AG Mulroney's big debut is a throwback fail

Ontario’s new Attorney General Caroline Mulroney is going to face a steep learning curve when it comes to criminal justice issues.

Michael Spratt

Ontario’s new Attorney General Caroline Mulroney is going to face a steep learning curve when it comes to criminal justice issues. And she had better learn quickly because there is indeed a crisis in Ontario’s criminal courts. Cases take too long to complete, current systems and procedures are antiquated and inefficient and the chronic underfunding of the legal aid system has resulted in unprecedented levels of unfairness and injustice.

 

Mulroney, by all accounts a skilled and intelligent lawyer, has never practised criminal law. In fact, she has never practised law in Ontario at all. It is difficult for a general to know what life is like in the trenches when they have never set foot on the battlefield.

 

In addition to her inexperience, if Mulroney is to be successful, she will need to overcome the handicap of knee-jerk Conservative ideology. Heavy-handed criminal justice responses to complex social problems was a defining feature of the Stephen Harper government. For a decade, Ottawa ignored evidence-based justice policy in favour of tough-on-crime rhetoric. The results were predicable — unconstitutional laws, clogged courts, ballooning justice costs and a dumbing down of important social policy discussions.

 

Unfortunately, it did not take long for Mulroney to give in to the siren song of simplistic, political, uninformed and counterproductive approaches to criminal justice.

 

After a cluster of shootings over the Canada Day weekend, Toronto Mayor John Tory demanded that the provincial government “toughen up bail guidelines” for gun crimes. Tory doubled down on his bail rhetoric, saying, “We can’t have people getting out on bail 20 minutes after they’re arrested for using a gun.”

 

He demanded that Mulroney instruct her Crown attorneys to deny bail to accused criminals with a prior record of convictions for gun crimes.

 

Before we get to Mulroney’s response, I’ll let you in on a secret: No one accused of a gun crime is released on bail 20 minutes after their arrest — not unless the accused is a police officer.

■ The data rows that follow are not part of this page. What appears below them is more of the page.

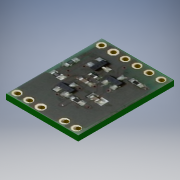
# Autodesk Inventor part: chip_gross
Saved by Autodesk Inventor 2017 (Build 210142000, 142)
## iProperties
Part Number: chip_gross
Material: Generisch
Document SubType Name: Modeling
Designer: Philomena-Theresa
Density: 1 g/cm^3
Appearance: Vorgabe
Author: Philomena-Theresa
Autodesk Inventor part; units mm, degrees
ref_plane "YZ Plane" through (0, 0, 0) normal (1, 0, 0) x (0, 1, 0)
ref_plane "XZ Plane" through (0, 0, 0) normal (0, 1, 0) x (-1, 0, 0)
ref_plane "XY Plane" through (0, 0, 0) normal (0, 0, 1) x (1, 0, 0)
sketch "Skizze1" plane through (0, 0, 0) normal (0, 0, 1) x (1, 0, 0)
  line L0 (-8.8926, 8.6829) -> (6.3574, 8.6829)
  line L1 (6.3574, 8.6829) -> (6.3574, -11.5571)
  line L2 (6.3574, -11.5571) -> (-8.8926, -11.5571)
  line L3 (-8.8926, -11.5571) -> (-8.8926, 8.6829)
  point P0 (0, 0)
  dimension "d0" = 15.25
  dimension "d1" = 20.24
  constraints: 8 end point, 2 parallel, 1 horizontal, 1 perpendicular
  measures "d0" distance of L1.end L2.end
  measures "d1" distance of L0.end L1.end
extrude "Extrusion2" add sketch "Skizze1" along normal blind 1.11
sketch "Skizze2" plane through (0, 0, 1.11) normal (0, 0, 1) x (1, 0, 0)
  line L0 (6.3574, 8.6829) -> (-8.8926, 8.6829) construction
  line L1 (-8.8926, 8.6829) -> (-8.8926, 7.3829) construction
  line L2 (-8.8926, 8.6829) -> (-8.8926, -11.5571) construction
  line L3 (-8.8926, 7.3829) -> (6.3574, 7.3829) construction
  line L4 (6.3574, -11.5571) -> (6.3574, 8.6829) construction
  line L5 (-8.8926, 7.3829) -> (-8.0926, 7.3829) construction
  line L6 (6.3574, 7.3829) -> (5.5574, 7.3829) construction
  line L7 (-8.0926, 7.3829) -> (-7.6426, 7.3829) construction
  circle A0 centre (-7.6426, 7.3829) radius 0.45
  circle A1 centre (-5.0926, 7.3829) radius 0.45
  circle A2 centre (-2.5426, 7.3829) radius 0.45
  circle A3 centre (0.0074, 7.3829) radius 0.45
  circle A4 centre (2.5574, 7.3829) radius 0.45
  circle A5 centre (5.1074, 7.3829) radius 0.45
  line L8 (-8.8926, -11.5571) -> (-8.8926, -10.2571) construction
  line L9 (-8.8926, -10.2571) -> (6.3574, -10.2571) construction
  line L10 (-8.8926, -10.2571) -> (-7.6426, -10.2571) construction
  circle A6 centre (-7.6426, -10.2571) radius 0.45
  circle A7 centre (-5.0926, -10.2571) radius 0.45
  line L11 (-6.3426, -10.2571) -> (8.9074, -10.2571) construction
  circle A8 centre (-2.5426, -10.2571) radius 0.45
  line L12 (-3.7926, -10.2571) -> (11.4574, -10.2571) construction
  circle A9 centre (0.0074, -10.2571) radius 0.45
  line L13 (-1.2426, -10.2571) -> (14.0074, -10.2571) construction
  circle A10 centre (2.5574, -10.2571) radius 0.45
  line L14 (1.3074, -10.2571) -> (16.5574, -10.2571) construction
  circle A11 centre (5.1074, -10.2571) radius 0.45
  line L15 (3.8574, -10.2571) -> (19.1074, -10.2571) construction
  line L16 (5.5574, 7.3829) -> (5.1074, 7.3829)
  point P0 (0, 0)
  dimension "d6" = 1.3
  dimension "d7" = 0.8
  dimension "d8" = 0.8
  dimension "d9" = 0.45
  dimension "d10" = 0.9
  dimension "d13" = 2.55
  dimension "d20" = 1.3
  dimension "d21" = 1.25
  dimension "d22" = 0.9
  dimension "d25" = 2.55
  dimension "d30" = 0.45
  constraints: 28 end point, 14 point on line, 12 centre point, 9 coincident, 2 horizontal, 2 perpendicular, 1 collinear, 39 other
  measures "d6" distance of L0.end L1.end
  measures "d7" distance of L1.end L5.end
  measures "d8" distance of L3.end L6.end
  measures "d9" distance of L7.start L7.end
  measures "d10" diameter of A0
  measures "d13" distance of A0.centre A1.centre
  measures "d20" distance of L2.end L8.end
  measures "d21" distance of L8.end L10.end
  measures "d22" diameter of A6
  measures "d25" distance of A6.centre A7.centre
  measures "d30" distance of L16.start L16.end
extrude "Extrusion3" cut sketch "Skizze2" against normal blind 1.11 contours A0 | A1 | A2 | A3 | A4 | A5 | A6 | A7 | A8 | A10 | A11
sketch "Skizze3" plane through (0, 0, 1.11) normal (0, 0, 1) x (1, 0, 0)
  line L0 (6.3574, 8.6829) -> (-8.8926, 8.6829) projected
  line L1 (-8.8926, 8.6829) -> (6.4364, 8.6229) construction
  line L2 (6.4364, 8.6229) -> (6.3574, -11.5571) construction
  line L3 (6.3574, -11.5571) -> (-8.9716, -11.4971) construction
  line L4 (-8.9716, -11.4971) -> (-8.8926, 8.6829) construction
  point P0 (0, 0)
  point P1 (-1.2676, 8.6829)
  point P2 (6.3574, -11.5571)
  constraints: 2 coincident, 1 midpoint, 2 other
decal "Aufkleber1"
sketch "Skizze4" plane through (0, 0, 0) normal (0, 0, -1) x (-1, 0, 0)
  line L0 (8.9962, -11.5571) -> (-6.461, -11.5571) construction
  line L1 (-6.461, -11.5571) -> (-6.461, 8.6829) construction
  line L2 (-6.461, 8.6829) -> (8.9962, 8.6829) construction
  line L3 (8.9962, 8.6829) -> (8.9962, -11.5571) construction
  line L4 (-6.3574, -11.5571) -> (8.8926, -11.5571) projected
  line L5 (8.8926, 8.6829) -> (-6.3574, 8.6829) projected
  point P0 (0, 0)
  point P1 (1.2676, -11.5571)
  point P2 (1.2676, 8.6829)
  constraints: 4 midpoint, 2 other
decal "Aufkleber2"

Tory presented no evidence that the recent Toronto shootings were committed by suspects who had been released on bail. And he seemed content to ignore the fact that it is judges — not Crown attorneys — who make final decisions about bail. In fact, for years, Ontario’s Crown attorneys have been instructed that they must seek a detention order in all cases involving firearms offences, absent exceptional circumstances.

 

Mulroney could have responded to Tory’s counterfactual rhetoric with the authority and dignity that should come with her office. She could have told Tory that his “easy answers” are not supported by the criminological evidence. She could have pointed out that there is no evidence that any of the Toronto shootings were committed by someone out on bail for a previous shooting. She could have acknowledged that firearms offences are serious but pushed back on Tory’s strawman 20-minute bail arguments. She could have calmly explained that real solutions to gun violence involve building relationships with communities, tackling the hopelessness and poverty that plague our cities and progressive drug policies including robust addiction treatment.

 

Instead, Mulroney blamed the federal government, saying that both the city and the province are “dealing with a federal bail system that is letting too many violent criminals back into our streets.

 

“This absolutely has to change,” she said.

 

Mulroney then demanded a meeting with federal Justice Minister Jody Wilson-Raybould to discuss bail reform.

 

Mulroney has not elaborated on what kind of changes she would like to see at the federal level. Serious gun crimes and offences committed while on bail are already subject to reverse-onus bail provisions. This means that, unlike other offences, it is the accused who must satisfy a court that they are safe to release — not the state that must show why they should be detained. It is already the case that serious offenders will be detained if they pose a risk to the public. Heck, federal law also allows serious offenders to be detained even if they don’t pose a risk to the public but if their release would nonetheless undermine confidence in the justice system.

 

So, what sort of bail reforms does Mulroney want?

 

My guess is that she has absolutely no idea. My guess is that Mulroney sees a political firestorm and also a political opportunity. Shootings are scary and, despite the fact that crime rates are at historic lows, it is easy for people to give into fear when shots ring out in their neighbourhood. It is easier for politicians to peddle tough-on-crime misinformation to voters than to explain complicated and nuanced long-term solutions. And what better way to satisfy a Conservative base then take disingenuous shots at a federal Liberal government.

 

It is disappointing that Mulroney’s first act as Ontario’s attorney general was to continue and encourage a troubling trend of cheap, reactionary and ineffective justice balderdash. Ontario’s justice problems are simply too big for the same old political solutions. If Mulroney can’t resist the temptation to fall into Harper-like justice policy, it will be a long four years, and at the end of her term, Ontario will be a more dangerous province.